Exercise prompt → From the top of the records below, return each line exactly, ending with the line that contains "from ezdxf.enums import".

Supplied material →

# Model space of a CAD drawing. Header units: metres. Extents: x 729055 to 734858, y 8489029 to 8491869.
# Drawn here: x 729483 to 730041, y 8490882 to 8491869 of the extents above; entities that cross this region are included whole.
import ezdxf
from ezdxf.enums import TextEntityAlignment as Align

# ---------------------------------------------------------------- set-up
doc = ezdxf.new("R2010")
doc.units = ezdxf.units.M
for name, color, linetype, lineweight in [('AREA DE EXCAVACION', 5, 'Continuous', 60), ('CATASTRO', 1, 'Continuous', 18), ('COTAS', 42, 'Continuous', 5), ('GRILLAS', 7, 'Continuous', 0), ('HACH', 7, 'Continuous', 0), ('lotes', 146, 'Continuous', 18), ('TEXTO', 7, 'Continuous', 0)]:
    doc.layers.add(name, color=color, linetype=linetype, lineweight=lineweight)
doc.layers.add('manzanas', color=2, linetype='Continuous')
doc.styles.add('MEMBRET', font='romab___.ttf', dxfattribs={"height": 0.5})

Result of the task →
# Model space of a CAD drawing. Header units: metres. Extents: x 729055 to 734858, y 8489029 to 8491869.
# Drawn here: x 729483 to 730041, y 8490882 to 8491869 of the extents above; entities that cross this region are included whole.
import ezdxf
from ezdxf.enums import TextEntityAlignment as Align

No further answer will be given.